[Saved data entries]
+-------+

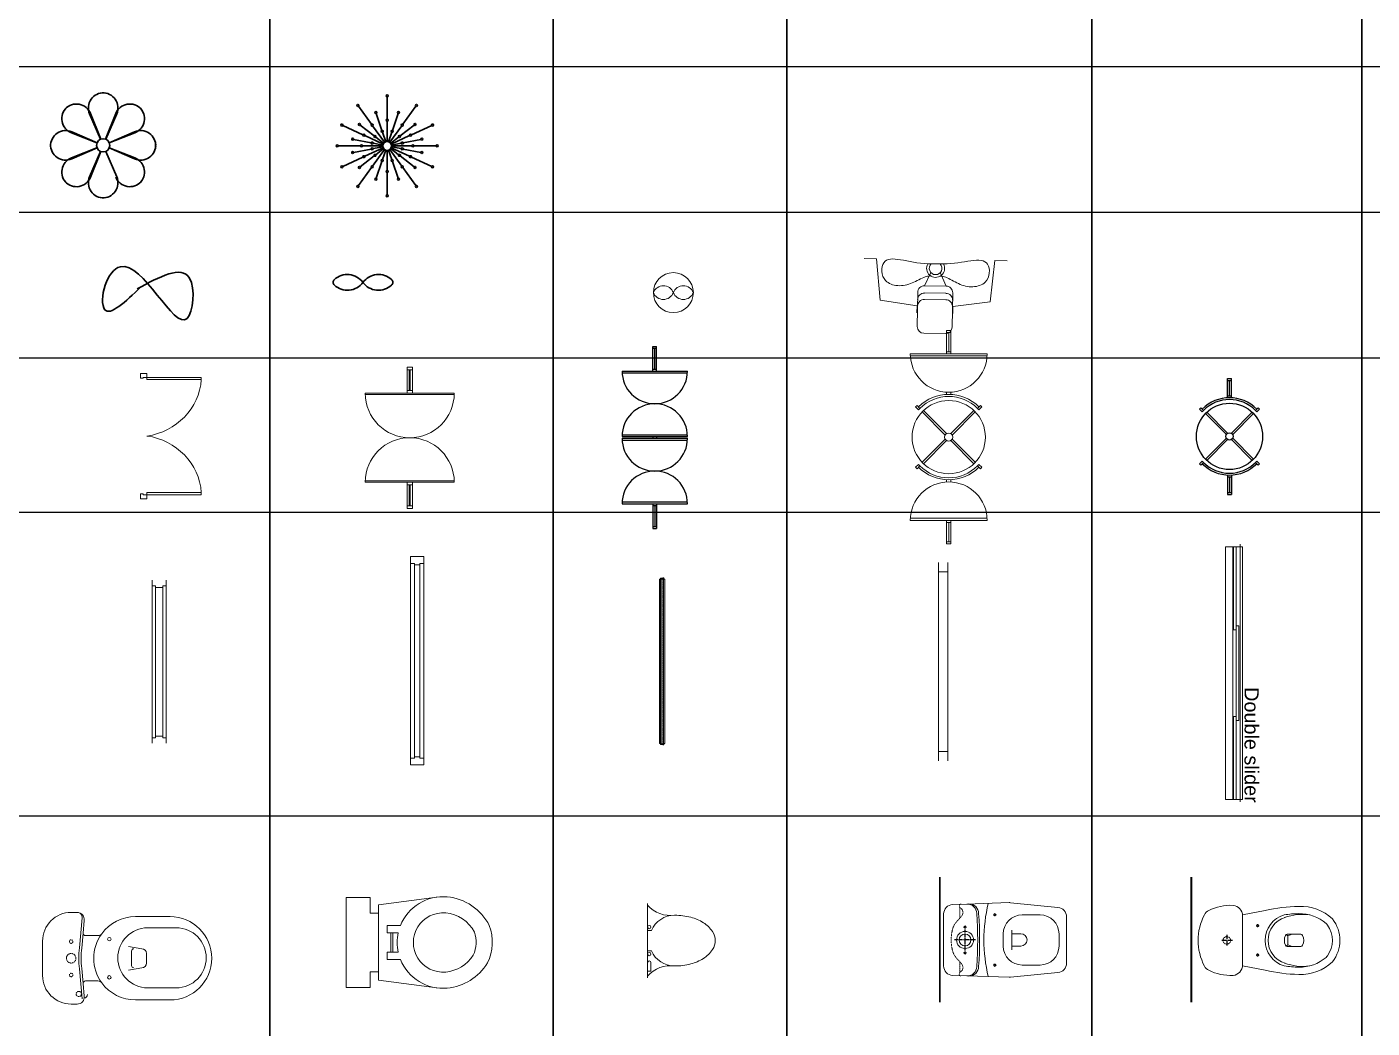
# Model space of a CAD drawing. Header units: millimetres. Extents: x 7765 to 58251, y -31150 to 10119.
# Drawn here: x 14942 to 22053, y -725 to 4569 of the extents above; entities that cross this region are included whole.
import ezdxf

# ---------------------------------------------------------------- set-up
doc = ezdxf.new("R2010")
doc.units = ezdxf.units.MM
for name, pattern in [('CENTER2', [1.125, 0.75, -0.125, 0.125, -0.125]), ('HIDDEN', [9.525, 6.35, -3.175]), ('HIDDEN2', [0.1875, 0.125, -0.0625])]:
    doc.linetypes.add(name, pattern=pattern)
doc.layers.add('axes', color=40, linetype='CENTER2')
doc.layers.add('ELECT. FIXTURE', color=3, linetype='Continuous')
for name, color, linetype, lineweight in [('DOOR', 26, 'Continuous', 9), ('E_LITE_POINT_Pen_No__14', 14, 'Continuous', 18), ('Eelectrical', 5, 'Continuous', 30), ('ELECTRICAL', 6, 'Continuous', 13), ('ELECTRICAL LAYOUT', 126, 'Continuous', 30), ('FUR', 7, 'Continuous', 15), ('FURNITURE', 32, 'Continuous', 13), ('text', 7, 'Continuous', 5), ('WIN', 34, 'Continuous', 5)]:
    doc.layers.add(name, color=color, linetype=linetype, lineweight=lineweight)
doc.styles.get("Standard").update_dxf_attribs({"font": 'Arial.ttf'})

# ---------------------------------------------------------------- blocks, each defined once
blk = doc.blocks.new('A$C19C41023')
for p, q in [((-50, 1825), (-50, 2500)), ((-50, 2500), (50, 2500)), ((-50, 2450), (50, 2450)), ((0, 1875), (0, 2450)), ((50, 1825), (50, 2500)), ((-50, 1875), (50, 1875)), ((-900, 1825), (900, 1825)), ((-899, 1775), (899, 1775)), ((-900, 25), (900, 25)), ((-899, 75), (899, 75)), ((-50, 25), (-50, -25)), ((50, 25), (50, -25)), ((-900, -25), (900, -25)), ((-899, -75), (899, -75)), ((-900, -1825), (900, -1825)), ((-899, -1775), (899, -1775)), ((-50, -1825), (-50, -2500)), ((50, -1825), (50, -2500)), ((-50, -1875), (50, -1875)), ((0, -1875), (0, -2450)), ((-50, -2450), (50, -2450)), ((-50, -2500), (50, -2500))]:
    blk.add_line(p, q)
for centre, start, end in [((0, 1825), 180, 360), ((0, 25), 360, 180), ((0, -25), 180, 360), ((0, -1825), 360, 180)]:
    blk.add_arc(centre, 900, start, end)
blk = doc.blocks.new('A$C715E23D6')
for p, q in [((-50, 999), (-50, 1500)), ((-50, 1500), (50, 1500)), ((-50, 1450), (50, 1450)), ((0, 1049), (0, 1450)), ((50, 999), (50, 1500)), ((-50, 1049), (50, 1049)), ((-50, -999), (-50, -1500)), ((50, -999), (50, -1500)), ((-50, -1049), (50, -1049)), ((0, -1049), (0, -1450)), ((-50, -1450), (50, -1450)), ((-50, -1500), (50, -1500))]:
    blk.add_line(p, q)
for points in [[(-673, 673), (-741, 741), (-774, 707), (-707, 640), (-673, 673)], [(673, 673), (741, 741), (774, 707), (707, 640), (673, 673)], [(-623, 589), (-82, 48)], [(-589, 623), (-48, 82)], [(589, 623), (48, 82)], [(623, 589), (82, 48)], [(-82, -48), (-623, -589)], [(-48, -82), (-589, -623)], [(48, -82), (589, -623)], [(82, -48), (623, -589)], [(-673, -673), (-707, -640), (-774, -707), (-741, -741), (-673, -673)], [(673, -673), (741, -741), (774, -707), (707, -640), (673, -673)]]:
    blk.add_lwpolyline(points)
for radius in [857, 95.2]:
    blk.add_circle((0, 0), radius)
for radius, start, end in [(1000, 45, 135), (952, 45, 135), (952, 225, 315), (1000, 225, 315)]:
    blk.add_arc((0, 0), radius, start, end)
blk = doc.blocks.new('WWCCCC')
for p, q in [((143.3, 188.2), (68.3, 185.7)), ((366, 195.6), (143.3, 188.2)), ((624.1, 170.4), (372.6, 195.4)), ((20, -139.3), (20, 135.7)), ((435, 130.7), (530, 130.7)), ((670, -124.1), (670, 120.5)), ((335, 30.7), (335, -34.3)), ((380, -54.3), (380, 50.7)), ((428.5, 30.7), (380, 30.7)), ((630, -34.3), (630, 30.7)), ((428.5, -34.3), (380, -34.3)), ((435, -134.3), (530, -134.3)), ((143.3, -191.7), (68.3, -189.2)), ((366, -199.2), (143.3, -191.7)), ((624.1, -173.9), (372.6, -199))]:
    blk.add_line(p, q)
at = {"linetype": 'HIDDEN2'}
for p, q in [((105.8, 186.9), (105.8, 185.5)), ((105.8, 169.4), (105.8, 114)), ((105.8, -117.6), (105.8, -173)), ((105.8, -189.1), (105.8, -190.5))]:
    blk.add_line(p, q, dxfattribs=at)
at = {"linetype": 'HIDDEN'}
for p, q in [((133, 74.4), (133, 57.1)), ((298.6, 130.7), (281.4, 130.7)), ((290, 139.4), (290, 122.1)), ((141.6, 65.7), (124.4, 65.7)), ((141.6, -69.3), (124.4, -69.3)), ((133, -77.9), (133, -60.6)), ((298.6, -134.3), (281.4, -134.3)), ((290, -142.9), (290, -125.6))]:
    blk.add_line(p, q, dxfattribs=at)
at = {"const_width": 10}
blk.add_lwpolyline([(0, -331), (0, 331)], dxfattribs=at)
for centre, radius in [((133, 65.7), 5.44), ((290, 130.7), 5.44), ((133, -1.8), 45), ((133, -1.8), 31.5), ((133, -69.3), 5.44), ((290, -134.3), 5.44)]:
    blk.add_circle(centre, radius)
for centre, radius, start, end in [((70, 135.7), 50, 91.91368, 180), ((145, 138.2), 50, 360, 91.91368), ((155, 138.9), 50, 360, 91.91368), ((1061.6, -1.8), 828.7, 166.48096, 193.51904), ((367.6, 145.6), 50, 84.32078, 91.91368), ((620, 120.5), 50, 360, 85.24756), ((-1761.9, -1.8), 1961.9, 355.90854, 4.09146), ((-1761.9, -1.8), 1971.9, 355.90854, 4.09146), ((435, 30.7), 100, 90, 180), ((530, 30.7), 100, 360, 90), ((428.5, -1.8), 32.5, 270, 90), ((435, -34.3), 100, 180, 270), ((530, -34.3), 100, 270, 360), ((70, -139.3), 50, 180, 268.08632), ((145, -141.8), 50, 268.08632, 360), ((620, -124.1), 50, 274.75244, 360), ((155, -142.5), 50, 268.08632, 360), ((367.6, -149.2), 50, 268.08632, 275.67922)]:
    blk.add_arc(centre, radius, start, end)
at = {"linetype": 'HIDDEN2'}
for points in [[(111.7, 188.8), (107.9, 187), (101.5, 183.9), (101.7, 170.2), (117.6, 163.8), (126.8, 139.9), (104.6, 111), (65.1, 74.1), (61.6, 27.3), (59.5, -1.8)], [(111.7, -192.4), (107.9, -190.5), (101.5, -187.4), (101.7, -173.8), (117.6, -167.3), (126.8, -143.5), (104.6, -114.5), (65.1, -77.6), (61.6, -30.9), (59.5, -1.8)]]:
    blk.add_open_spline(points, degree=3, knots=[0, 0, 0, 0, 0.011556, 0.0194659, 0.0345835, 0.0572812, 0.0850633, 0.1353618, 0.2183446, 0.2183446, 0.2183446, 0.2183446], dxfattribs=at)
at = {"layer": 'axes', "linetype": 'CENTER2', "ltscale": 30}
for p, q in [((133, -56.8), (133, 53.2)), ((188, -1.8), (78, -1.8))]:
    blk.add_line(p, q, dxfattribs=at)
blk = doc.blocks.new('WWC1233')
for p, q in [((390, 154.3), (270, 131.1)), ((270, -133.9), (270, 126.1)), ((509.8, 19.8), (500.3, 26.6)), ((505.8, 28.2), (578.7, 28.2)), ((509.8, 19.8), (532.6, 28.2)), ((509.8, -27.6), (509.8, 19.8)), ((509.8, -27.6), (500.3, -34.3)), ((505.8, -36), (578.7, -36)), ((509.8, -27.6), (532.6, -36)), ((390, -162), (270, -138.9))]:
    blk.add_line(p, q)
at = {"linetype": 'HIDDEN'}
for p, q in [((358.6, 73.6), (341.4, 73.6)), ((350, 82.3), (350, 65)), ((358.6, -81.4), (341.4, -81.4)), ((350, -90), (350, -72.7))]:
    blk.add_line(p, q, dxfattribs=at)
at = {"const_width": 10}
blk.add_lwpolyline([(0, -331), (0, 331)], dxfattribs=at)
for centre in [(350, 73.6), (350, -81.4)]:
    blk.add_circle(centre, 5.44)
at = {"linetype": 'HIDDEN'}
blk.add_circle((187.2, -3.9), 20, dxfattribs=at)
for centre, radius, start, end in [((113, 108.5), 50, 115.30902, 151.97461), ((206, -67.3), 248.8, 86.77032, 117.34958), ((215.5, 126.8), 54.5, 359.26058, 85.2868), ((581.7, -671.4), 847.6, 90.96251, 103.07356), ((577.7, -65.9), 242.2, 46.30792, 92.41005), ((324.2, -3.9), 289.2, 151.97461, 208.02539), ((530.7, -3.9), 140.7, 106.42576, 253.57424), ((530.7, -3.9), 125.7, 106.42576, 253.57424), ((570.2, -366.5), 503.9, 90.20111, 99.04736), ((587.1, -129.1), 262.9, 81.86108, 111.05597), ((573, -73.8), 211.3, 49.09554, 91.25018), ((678.3, 48.3), 50, 35.45788, 48.61759), ((605, -3.9), 140, 324.54212, 35.45788), ((605, -3.9), 180, 321.05756, 38.94244), ((557.2, -3.9), 66, 156.76198, 203.23802), ((505.8, 18.2), 10, 90, 156.76198), ((578.7, 18.2), 10, 23.23802, 90), ((527.3, -3.9), 66, 336.76198, 23.23802), ((505.8, -26), 10, 203.23802, 270), ((578.7, -26), 10, 270, 336.76198), ((113, -116.3), 50, 208.02539, 244.69098), ((215.5, -134.6), 54.5, 274.7132, 0.73942), ((570.2, 358.8), 503.9, 260.95264, 269.79889), ((587.1, 121.4), 262.9, 248.94403, 278.13892), ((577.7, 58.1), 242.2, 267.58995, 313.69208), ((573, 66.1), 211.3, 268.74982, 310.90446), ((678.3, -56.1), 50, 311.38241, 324.54212), ((206, 59.5), 248.8, 242.65042, 273.22968), ((581.7, 663.7), 847.6, 256.92644, 269.03749)]:
    blk.add_arc(centre, radius, start, end)
at = {"layer": 'axes', "linetype": 'CENTER2', "ltscale": 30}
for p, q in [((187.2, 26.1), (187.2, -33.9)), ((217.2, -3.9), (157.2, -3.9))]:
    blk.add_line(p, q, dxfattribs=at)
blk = doc.blocks.new('CHANDELIER 3')
at = {"layer": 'ELECTRICAL LAYOUT'}
for p, q in [((-13.9, 32.2), (-71.7, 166.1)), ((-12.9, 32.6), (-66.8, 168.1)), ((12.9, 32.6), (66.8, 168.1)), ((13.9, 32.2), (71.7, 166.1)), ((-32.2, 13.9), (-166.1, 71.7)), ((32.2, 13.9), (166.1, 71.7)), ((-32.6, 12.9), (-168.1, 66.8)), ((32.6, 12.9), (168.1, 66.8)), ((-32.6, -12.9), (-168.1, -66.8)), ((-32.2, -13.9), (-166.1, -71.7)), ((-13.9, -32.2), (-71.7, -166.1)), ((-12.9, -32.6), (-66.8, -168.1)), ((13.9, -32.2), (71.7, -166.1)), ((32.2, -13.9), (166.1, -71.7)), ((32.6, -12.9), (168.1, -66.8))]:
    blk.add_line(p, q, dxfattribs=at)
blk.add_circle((0, 0), 35.1, dxfattribs=at)
for centre, start, end in [((-141.2, 138.5), 21.66012, 137.73901), ((1.9, 197.8), 87.26099, 203.33988), ((-1.9, 197.8), 336.66012, 92.73901), ((141.2, 138.5), 42.26099, 158.33988), ((-138.5, 141.2), 132.26099, 248.33988), ((138.5, 141.2), 291.66012, 47.73901), ((-197.8, -1.9), 66.66012, 182.73901), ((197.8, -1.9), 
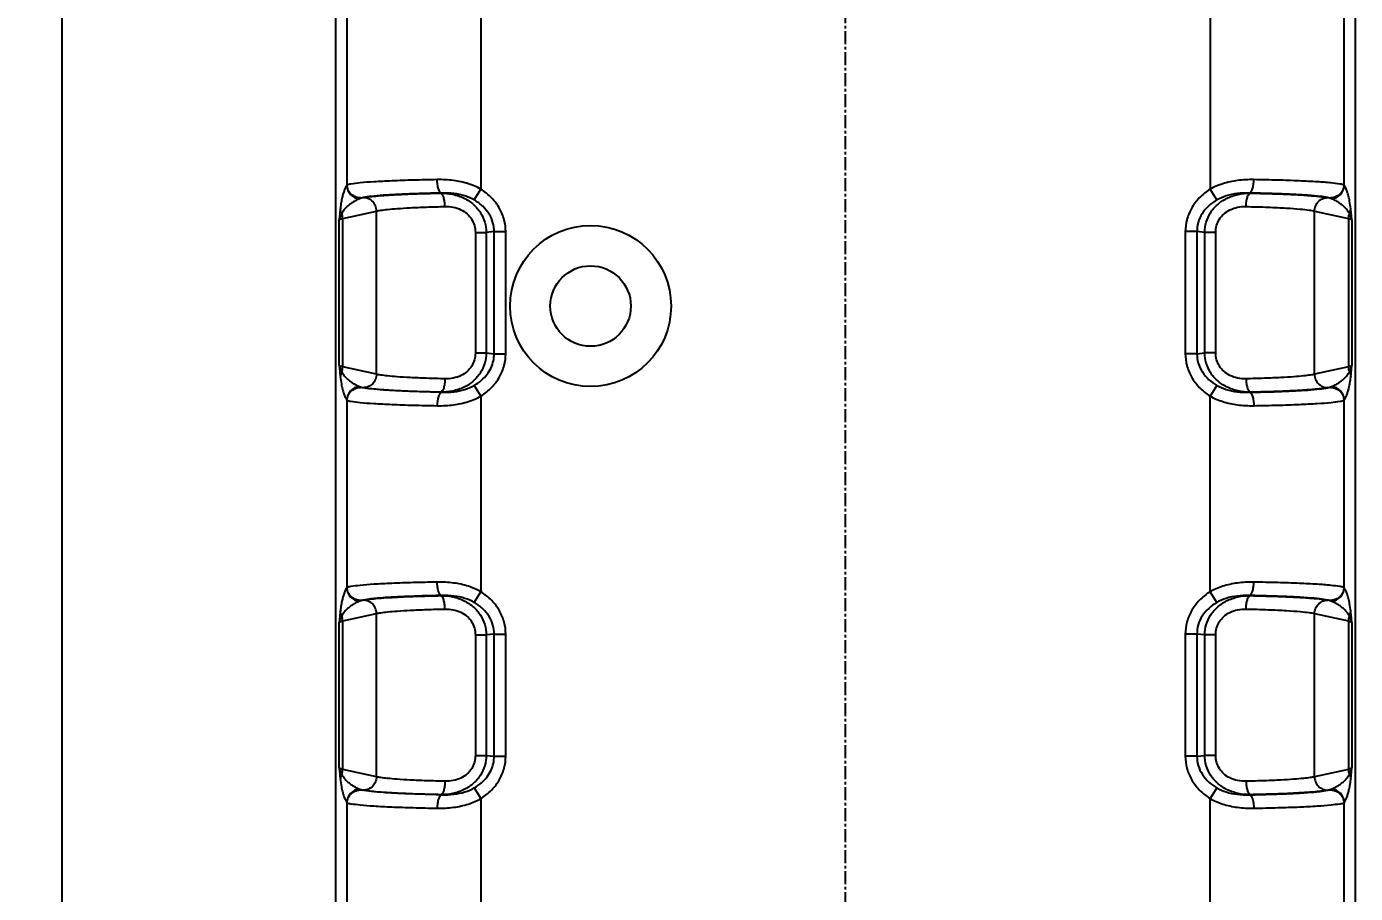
# Model space of a CAD drawing. Header units: inches. Extents: x 3700 to 4563, y 1353 to 2328.
# Drawn here: x 3827.96 to 3877.48, y 1491.35 to 1523.66 of the extents above; entities that cross this region are included whole.
import ezdxf

# ---------------------------------------------------------------- set-up
doc = ezdxf.new("R2010")
doc.units = ezdxf.units.IN
doc.header["$LTSCALE"] = 0.5
doc.linetypes.add('CENTER', pattern=[10.16, 6.35, -1.27, 1.27, -1.27])
doc.layers.add('06___PRT_ALL_SURFS', color=7, linetype='Continuous')
doc.styles.get("Standard").update_dxf_attribs({"font": 'txt', "bigfont": 'gbcbig.shx'})
doc.dimstyles.new('2.5', dxfattribs={"dimtxt": 2, "dimasz": 1, "dimexe": 0.18, "dimexo": 0.0625, "dimgap": 0.09, "dimtad": 0, "dimzin": 0, "dimdsep": 46, "dimtxsty": 'Standard', "dimcen": 1, "dimclrd": 3, "dimclre": 3, "dimadec": 0, "dimazin": 2, "dimtfac": 1, "dimtofl": 0, "dimtmove": 0, "dimatfit": 3, "dimfxl": 1, "dimtolj": 1, "dimtzin": 0, "dimarcsym": 0})

# ---------------------------------------------------------------- blocks, each defined once
blk = doc.blocks.new('*D117')
at = {"color": 3, "lineweight": -2}
for p, q in [((3842.413, 1540.74), (3829.096, 1540.74)), ((3829.276, 1539.74), (3829.276, 1487.83)), ((3829.276, 1427.74), (3829.276, 1479.65)), ((3842.413, 1426.74), (3829.096, 1426.74))]:
    blk.add_line(p, q, dxfattribs=at)
at = {"color": 3}
for points in [[(3829.109, 1539.74), (3829.442, 1539.74), (3829.276, 1540.74)], [(3829.109, 1427.74), (3829.442, 1427.74), (3829.276, 1426.74)]]:
    blk.add_solid(points, dxfattribs=at)
at = {"layer": 'Defpoints', "color": 0}
for p in [(3842.475, 1540.74), (3829.276, 1426.74), (3842.475, 1426.74)]:
    blk.add_point(p, dxfattribs=at)
at = {"color": 0, "insert": (3829.276, 1483.74), "char_height": 2, "attachment_point": 5, "rotation": 90}
blk.add_mtext('\\A1;114.00', dxfattribs=at)

msp = doc.modelspace()

# ---------------------------------------------------------------- linework, layer by layer
at = {"color": 1, "linetype": 'CENTER', "ltscale": 0.152}
msp.add_line((3858.479, 1426.74), (3858.479, 1540.74), dxfattribs=at)
at = {"color": 7, "linetype": 'Continuous'}
for p, q in [((3839.479, 1537.744), (3839.479, 1429.735)), ((3877.479, 1429.735), (3877.479, 1537.744)), ((3839.902, 1524.741), (3839.902, 1517.739)), ((3844.895, 1524.885), (3844.895, 1517.594)), ((3872.063, 1524.885), (3872.063, 1517.594)), ((3877.057, 1517.739), (3877.057, 1524.741)), ((3844.644, 1517.194), (3844.895, 1517.594)), ((3872.315, 1517.194), (3872.064, 1517.594)), ((3839.613, 1511.026), (3839.613, 1516.453)), ((3877.346, 1516.453), (3877.346, 1511.026)), ((3845.385, 1516.014), (3845.818, 1516.014)), ((3845.818, 1511.465), (3845.818, 1516.014)), ((3871.574, 1516.014), (3871.141, 1516.014)), ((3871.141, 1516.014), (3871.141, 1511.465)), ((3845.385, 1511.465), (3845.818, 1511.465)), ((3871.574, 1511.465), (3871.141, 1511.465)), ((3844.644, 1510.285), (3844.895, 1509.885)), ((3872.315, 1510.285), (3872.064, 1509.885)), ((3844.895, 1509.885), (3844.895, 1502.594)), ((3872.063, 1502.594), (3872.063, 1509.885)), ((3839.902, 1509.741), (3839.902, 1502.739)), ((3877.057, 1502.739), (3877.057, 1509.741)), ((3844.644, 1502.194), (3844.895, 1502.594)), ((3872.315, 1502.194), (3872.064, 1502.594)), ((3839.613, 1496.026), (3839.613, 1501.453)), ((3877.346, 1501.453), (3877.346, 1496.026)), ((3845.385, 1501.014), (3845.818, 1501.014)), ((3845.818, 1496.465), (3845.818, 1501.014)), ((3871.574, 1501.014), (3871.141, 1501.014)), ((3871.141, 1501.014), (3871.141, 1496.465)), ((3845.385, 1496.465), (3845.818, 1496.465)), ((3871.574, 1496.465), (3871.141, 1496.465)), ((3844.644, 1495.285), (3844.895, 1494.885)), ((3872.315, 1495.285), (3872.064, 1494.885)), ((3839.902, 1494.741), (3839.902, 1487.739)), ((3844.895, 1494.885), (3844.895, 1487.594)), ((3872.063, 1487.594), (3872.063, 1494.885)), ((3877.057, 1487.739), (3877.057, 1494.741))]:
    msp.add_line(p, q, dxfattribs=at)
for radius in [3, 1.5]:
    msp.add_circle((3848.979, 1513.24), radius)
for centre, radius, start, end in [((3840.403, 1517.741), 0.501, 180.2481, 266.3331), ((3876.556, 1517.741), 0.501, 273.6672, 359.9952), ((3868.767, 1515.814), 8.601, 7.0183, 8.9062), ((3848.191, 1511.665), 8.601, 187.0183, 188.9062), ((3840.403, 1509.738), 0.501, 93.6672, 179.9952), ((3876.556, 1509.738), 0.501, 0.251, 86.3302), ((3840.403, 1502.741), 0.501, 180.2481, 266.3331), ((3876.556, 1502.741), 0.501, 273.6672, 359.9952), ((3868.767, 1500.814), 8.601, 7.0183, 8.9062), ((3848.191, 1496.665), 8.601, 187.0183, 188.9062), ((3840.403, 1494.738), 0.501, 93.6672, 179.9952), ((3876.556, 1494.738), 0.501, 0.251, 86.3302)]:
    msp.add_arc(centre, radius, start, end, dxfattribs=at)
for points, start_tangent, end_tangent in [([(3839.902, 1517.739), (3839.85, 1517.659), (3839.803, 1517.556), (3839.76, 1517.431), (3839.721, 1517.282), (3839.686, 1517.102), (3839.655, 1516.877)], (-0.626121, -0.779726), (-0.114868, -0.993381)), ([(3843.264, 1517.951), (3842.367, 1517.932), (3841.569, 1517.904), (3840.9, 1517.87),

+-------+

• **Your task**: From the lines above, copy those that contain the word "lineweight".

• **Response to this exercise**:
for name, color, linetype, lineweight in [('DOOR', 26, 'Continuous', 9), ('E_LITE_POINT_Pen_No__14', 14, 'Continuous', 18), ('Eelectrical', 5, 'Continuous', 30), ('ELECTRICAL', 6, 'Continuous', 13), ('ELECTRICAL LAYOUT', 126, 'Continuous', 30), ('FUR', 7, 'Continuous', 15), ('FURNITURE', 32, 'Continuous', 13), ('text', 7, 'Continuous', 5), ('WIN', 34, 'Continuous', 5)]:
    doc.layers.add(name, color=color, linetype=linetype, lineweight=lineweight)
at = {"color": 3, "lineweight": -2}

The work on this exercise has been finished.